The announcement about Intel's AI ambitions came in the company's most recent earnings call and was delivered by CEO Pat Gelsinger. On the call, via Tom's Hardware, he stated that this year's Arrow Lake desktop and Lunar Lake mobile platforms will offer triple the AI performance of Meteor Lake. Those platforms will then be followed up in 2025 by Panther Lake on desktop, which will add another 2X uplift for AI. This is the first time we can recall Gelsinger mentioning the AI performance of upcoming platforms on an earnings call, highlighting how important this metric has become for the company's future.

Intel AI
Intel's Meteor Lake platform is its first big push into AI hardware on a CPU, which will only accelerate with future architectures. Credit: Intel

On the call, Gelsinger described the company's plans. "The Core Ultra platform [Meteor Lake] delivers leadership AI performance today with our next-generation platforms launching later this year, Lunar Lake and Arrow Lake tripling our AI performance. In 2025 with Panther Lake, we will grow AI performance up to an additional 2x." Intel is banking on the "AI PC" becoming a new mainstay in the computer world; as he also said on the call, Intel expects to ship 40 million "AI PCs" in 2024. Generally speaking, the industry ships around 60 million PCs each quarter, so 40 million in a year is a solid start.
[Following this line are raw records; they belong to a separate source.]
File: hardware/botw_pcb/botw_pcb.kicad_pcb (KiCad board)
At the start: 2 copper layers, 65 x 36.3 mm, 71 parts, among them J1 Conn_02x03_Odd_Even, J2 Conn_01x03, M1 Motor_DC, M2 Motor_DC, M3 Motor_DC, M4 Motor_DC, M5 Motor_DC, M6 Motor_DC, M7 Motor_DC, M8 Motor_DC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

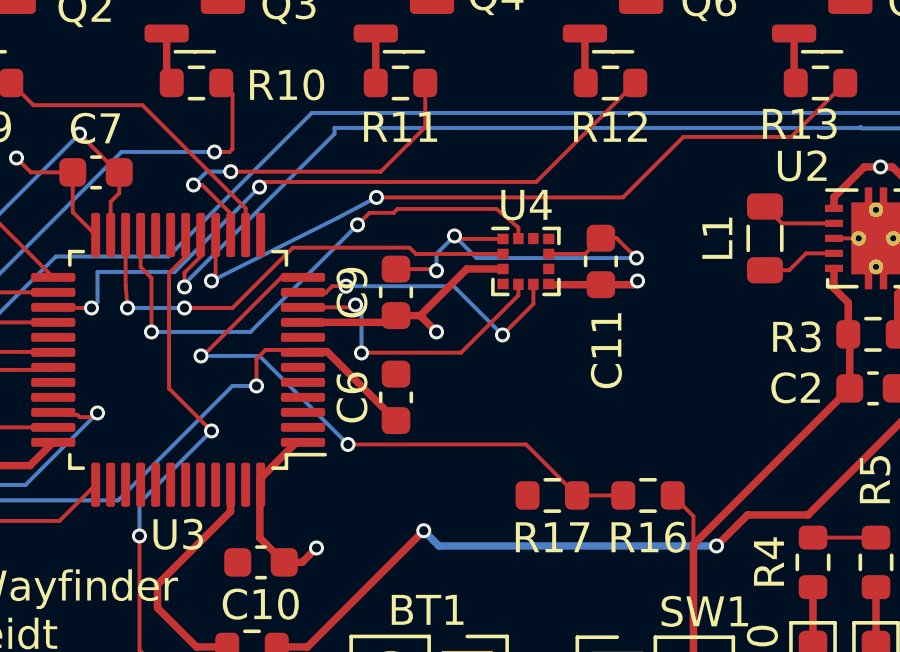
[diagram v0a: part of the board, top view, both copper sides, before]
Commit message: Added pullups to I2C'
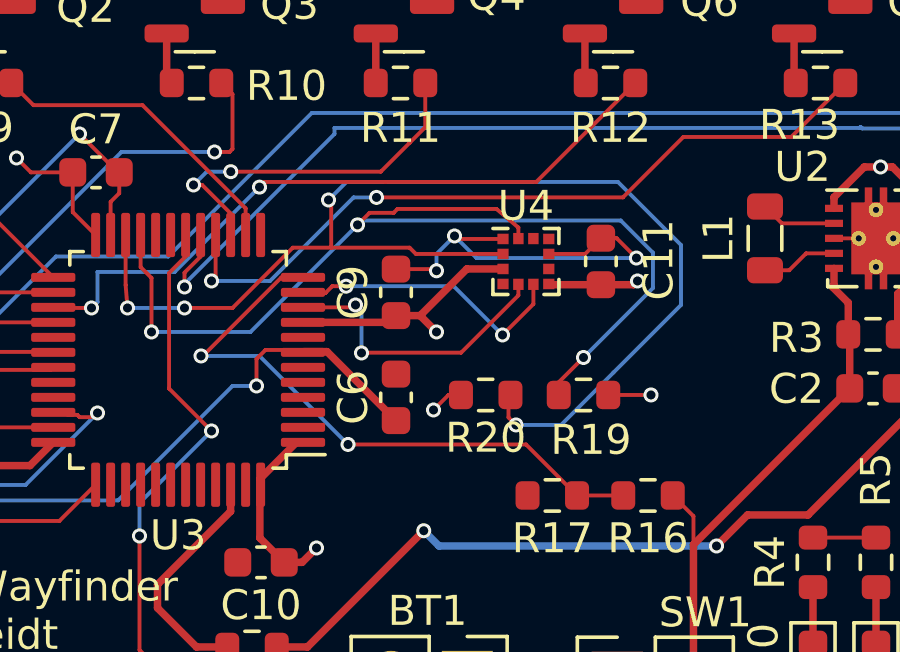
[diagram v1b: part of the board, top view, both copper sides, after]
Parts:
- added R19: 4k7, Resistor_SMD:R_0603_1608Metric, F.Cu at (86.5, 86.0)
- added R20: 4k7, Resistor_SMD:R_0603_1608Metric, F.Cu at (83.2, 86.0)
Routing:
- net SDA: track 15.9 -> 40.7 mm, vias 2 -> 4
- net SCL: track 17.9 -> 34.3 mm, vias 2 -> 3
- net +3.3V: track 86.5 -> 89.0 mm, vias 8 -> 10

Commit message: Changed to a new part for mag
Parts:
- removed REF** (x4): MountingHole_2.7mm_M2.5_DIN965, MountingHole:MountingHole_2.7mm_M2.5_DIN965
- added C12: 100n, Capacitor_SMD:C_0603_1608Metric, F.Cu at (90.7, 82.8)
- added C13: 100n, Capacitor_SMD:C_0603_1608Metric, F.Cu at (83.8, 80.3)
- added C14: 100n, Capacitor_SMD:C_0603_1608Metric, F.Cu at (86.5, 82.1)
- added C15: 100n, Capacitor_SMD:C_0603_1608Metric, F.Cu at (81.2, 81.5)
- added C16: 10u, Capacitor_SMD:C_0603_1608Metric, F.Cu at (88.8, 80.5)
- added H1: MountingHole, MountingHole:MountingHole_2.7mm_M2.5, F.Cu at (54.5, 65.0)
- added H2: MountingHole, MountingHole:MountingHole_2.7mm_M2.5, F.Cu at (54.5, 95.0)
- added H3: MountingHole, MountingHole:MountingHole_2.7mm_M2.5, F.Cu at (113.0, 81.0)
- added H4: MountingHole, MountingHole:MountingHole_2.7mm_M2.5, F.Cu at (113.0, 65.0)
- added TP1: TestPoint, TestPoint:TestPoint_Pad_D1.0mm, F.Cu at (60.0, 78.3)
- added TP2: TestPoint, TestPoint:TestPoint_Pad_D1.0mm, F.Cu at (57.6, 78.3)
- added U5: LSM6DS3, Package_LGA:LGA-14_3x2.5mm_P0.5mm_LayoutBorder3x4y, F.Cu at (83.8, 82.7)
- C1: value 1 uF -> 1u
- C10, C2, C6, C7, C8, C9: value 10 uF -> 10u
- C11: value 10 uF -> 220n
- C3: value 0.1 uF -> 0.1u
- C4, C5: value 10uF -> 10u
- L1: value 2.2uH -> 2.2u
- R10, R11, R12, R13, R14, R15, R18, R8, R9: value 2.2k -> 2k2
- U4: value MC6470 -> LIS2MDLTR
- moved U4 4.21 mm to (88.6, 82.8)
- moved R19 3.98 mm to (82.9, 87.7), turned to 90 degrees
- moved C11 3.94 mm to (88.8, 85.1), turned to 0 degrees
- moved R20 2.73 mm to (81.1, 87.7), turned to 90 degrees
- moved C6 1.07 mm to (79.2, 85.9)
- moved C9 1.07 mm to (79.2, 82.4)
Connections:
- net Net-(D11-Pad2) renamed /MCU/LED
- C11 pad 1: +3.3V -> Net-(C11-Pad1)
- R19 pad 1: SCL -> +3.3V
- R19 pad 2: +3.3V -> SDA
- R20 pad 1: SDA -> +3.3V
- R20 pad 2: +3.3V -> SCL
- U3 pad 10: INTA -> unconnected-(U3-Pad10)
- U3 pad 11: INTM -> unconnected-(U3-Pad11)
- U3 pad 42: unconnected-(U3-Pad42) -> DRDY
- U3 pad 43: unconnected-(U3-Pad43) -> INT2
- U3 pad 45: unconnected-(U3-Pad45) -> INT1
- U4 pad 1: GND -> SCL
- U4 pad 10: unconnected-(U4-Pad10) -> +3.3V
- U4 pad 12: SCL -> unconnected-(U4-Pad12)
- U4 pad 2: SDA -> unconnected-(U4-Pad2)
- U4 pad 4: unconnected-(U4-Pad4) -> SDA
- U4 pad 5: INTA -> Net-(C11-Pad1)
- U4 pad 6: INTM -> GND
- U4 pad 7: +3.3V -> DRDY
- U4 pad 8: unconnected-(U4-Pad8) -> GND
- U4 pad 9: GND -> +3.3V
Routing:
- net INT1: track 0.00 -> 29.4 mm, vias 0 -> 2
- net DRDY: track 0.00 -> 26.9 mm, vias 0 -> 2
- net INT2: track 0.00 -> 22.4 mm, vias 0 -> 2
- net +3.3V: track 89.0 -> 107.9 mm, vias 10 -> 12
- net SCL: track 34.3 -> 44.5 mm, vias 3 -> 5
- net INTA: track 9.86 -> 0.00 mm, vias 2 -> 0
- net INTM: track 9.54 -> 0.00 mm, vias 2 -> 0
- net Net-(C11-Pad1): track 0.00 -> 1.69 mm
- net GND: track 65.1 -> 63.6 mm, vias 5 -> 2
- net /MCU/LED: track 41.8 -> 43.3 mm
- net Net-(Q5-Pad2): track 28.8 -> 29.8 mm
- net SDA: track 40.7 -> 41.5 mm, vias 4 -> 3
- net NRST: track 31.9 -> 31.3 mm
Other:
- board text added: "- +"

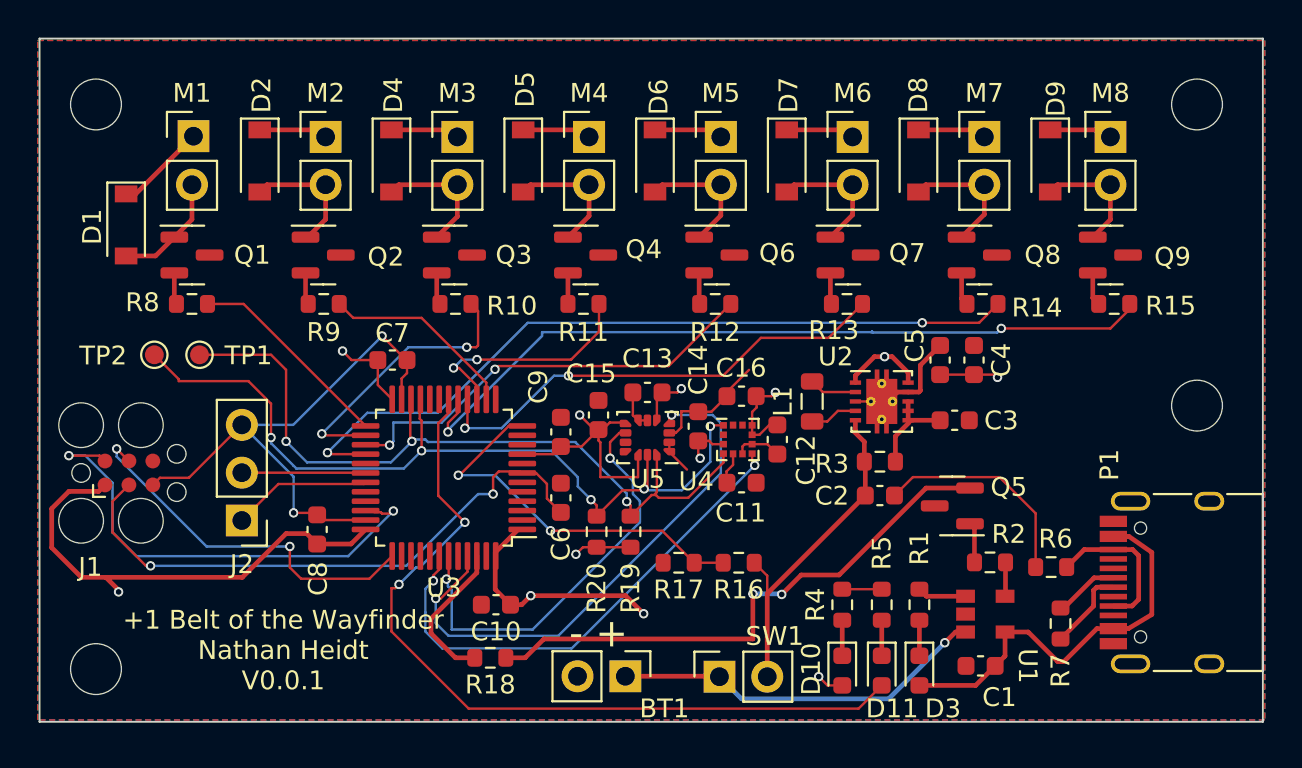
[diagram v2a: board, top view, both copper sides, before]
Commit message: Transistor footprint was wrong, whoops! Also added in hard iron correction
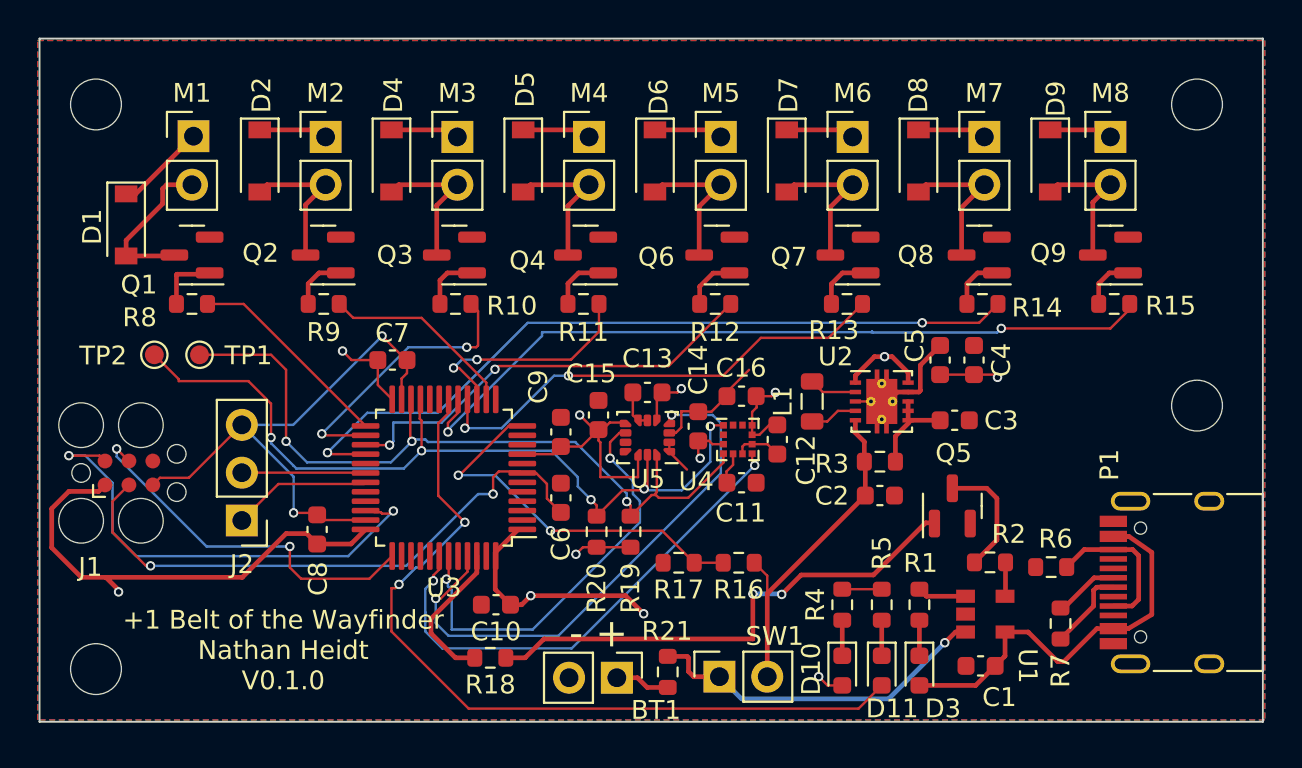
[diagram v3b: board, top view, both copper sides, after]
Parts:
- added G***: LOGO, LOGO, B.Cu at (98.1, 80.7)
- added R21: 0, Resistor_SMD:R_0603_1608Metric, F.Cu at (84.9, 95.2)
- moved BT1 0.46 mm to (82.2, 95.5)
- turned Q1 to 180 degrees
- turned Q2 to 180 degrees
- turned Q3 to 180 degrees
- turned Q4 to 180 degrees
- turned Q5 to 90 degrees
- turned Q6 to 180 degrees
- turned Q7 to 180 degrees
- turned Q8 to 180 degrees
- turned Q9 to 180 degrees
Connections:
- BT1 pad 1: +BATT -> Net-(BT1-Pad1)
- Q1 pad 1: Net-(D1-Pad2) -> Net-(R8-Pad1)
- Q1 pad 2: Net-(Q1-Pad2) -> GND
- Q1 pad 3: GND -> Net-(D1-Pad2)
- Q2 pad 1: Net-(D2-Pad2) -> Net-(R9-Pad1)
- Q2 pad 2: Net-(Q2-Pad2) -> GND
- Q2 pad 3: GND -> Net-(D2-Pad2)
- Q3 pad 1: Net-(D4-Pad2) -> Net-(R10-Pad1)
- Q3 pad 2: Net-(Q3-Pad2) -> GND
- Q3 pad 3: GND -> Net-(D4-Pad2)
- Q4 pad 1: Net-(D5-Pad2) -> Net-(R11-Pad1)
- Q4 pad 2: Net-(Q4-Pad2) -> GND
- Q4 pad 3: GND -> Net-(D5-Pad2)
- Q5 pad 1: Net-(Q5-Pad1) -> Net-(R18-Pad1)
- Q5 pad 2: Net-(Q5-Pad2) -> GND
- Q5 pad 3: GND -> Net-(R2-Pad2)
- Q6 pad 1: Net-(D6-Pad2) -> Net-(R12-Pad1)
- Q6 pad 2: Net-(Q6-Pad2) -> GND
- Q6 pad 3: GND -> Net-(D6-Pad2)
- Q7 pad 1: Net-(D7-Pad2) -> Net-(R13-Pad1)
- Q7 pad 2: Net-(Q7-Pad2) -> GND
- Q7 pad 3: GND -> Net-(D7-Pad2)
- Q8 pad 1: Net-(D8-Pad2) -> Net-(R14-Pad1)
- Q8 pad 2: Net-(Q8-Pad2) -> GND
- Q8 pad 3: GND -> Net-(D8-Pad2)
- Q9 pad 1: Net-(D9-Pad2) -> Net-(R15-Pad1)
- Q9 pad 2: Net-(Q9-Pad2) -> GND
- Q9 pad 3: GND -> Net-(D9-Pad2)
- R10 pad 1: Net-(Q3-Pad2) -> Net-(R10-Pad1)
- R11 pad 1: Net-(Q4-Pad2) -> Net-(R11-Pad1)
- R12 pad 1: Net-(Q6-Pad2) -> Net-(R12-Pad1)
- R13 pad 1: Net-(Q7-Pad2) -> Net-(R13-Pad1)
- R14 pad 1: Net-(Q8-Pad2) -> Net-(R14-Pad1)
- R15 pad 1: Net-(Q9-Pad2) -> Net-(R15-Pad1)
- R18 pad 1: Net-(Q5-Pad2) -> Net-(R18-Pad1)
- R2 pad 2: Net-(Q5-Pad1) -> Net-(R2-Pad2)
- R8 pad 1: Net-(Q1-Pad2) -> Net-(R8-Pad1)
- R9 pad 1: Net-(Q2-Pad2) -> Net-(R9-Pad1)
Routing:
- net Net-(Q5-Pad2): track 29.8 -> 0.00 mm, vias 2 -> 0
- net Net-(R18-Pad1): track 0.00 -> 27.2 mm, vias 0 -> 2
- net GND: track 63.6 -> 52.0 mm
- net Net-(R2-Pad2): track 0.00 -> 6.49 mm
- net Net-(R8-Pad1): track 0.00 -> 3.35 mm
- net Net-(R11-Pad1): track 0.00 -> 3.20 mm
- net Net-(R13-Pad1): track 0.00 -> 3.13 mm
- net Net-(R10-Pad1): track 0.00 -> 3.12 mm
- net Net-(R12-Pad1): track 0.00 -> 3.07 mm
- net Net-(R9-Pad1): track 0.00 -> 3.05 mm
- net Net-(BT1-Pad1): track 0.00 -> 2.92 mm
- net Net-(R14-Pad1): track 0.00 -> 2.91 mm
- net Net-(R15-Pad1): track 0.00 -> 2.88 mm
- net Net-(D1-Pad2): track 6.15 -> 8.61 mm
- net Net-(Q5-Pad1): track 2.15 -> 0.00 mm
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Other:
- board text added: "+1 Belt of the Wayfinder Nathan Heidt V0.1.0"
- board text removed: "+1 Belt of the Wayfinder Nathan Heidt V0.0.1"

It remains to be seen how actual home users will be utilizing AI in their daily lives at some point and how dedicated AI hardware will make that better or different. Intel is touting new features in Zoom for blurry backgrounds and effects in visual apps from Adobe. However, it's still too early to see if these applications will make our lives easier. There will be clear benefits for business and enterprise, but we're still waiting to see how this will benefit off-the-shelf PCs. Intel says embedded AI hardware will allow us to run LLMs with 10 billion parameters locally instead of from the cloud, making AI assistants like Windows Copilot much faster.

Regardless, the AI wars have officially begun, as both Intel and AMD are starting to tout their CPUs' AI prowess. 2024 is also being described as the "year of the AI PC" by analysts, and it'll likely be in full effect when the next version of Windows arrives later this year as well. Microsoft is rumored to be considering launching a new version of Windows in June, when you can buy a pre-built AI PC with hardware that supports it from both Intel and AMD.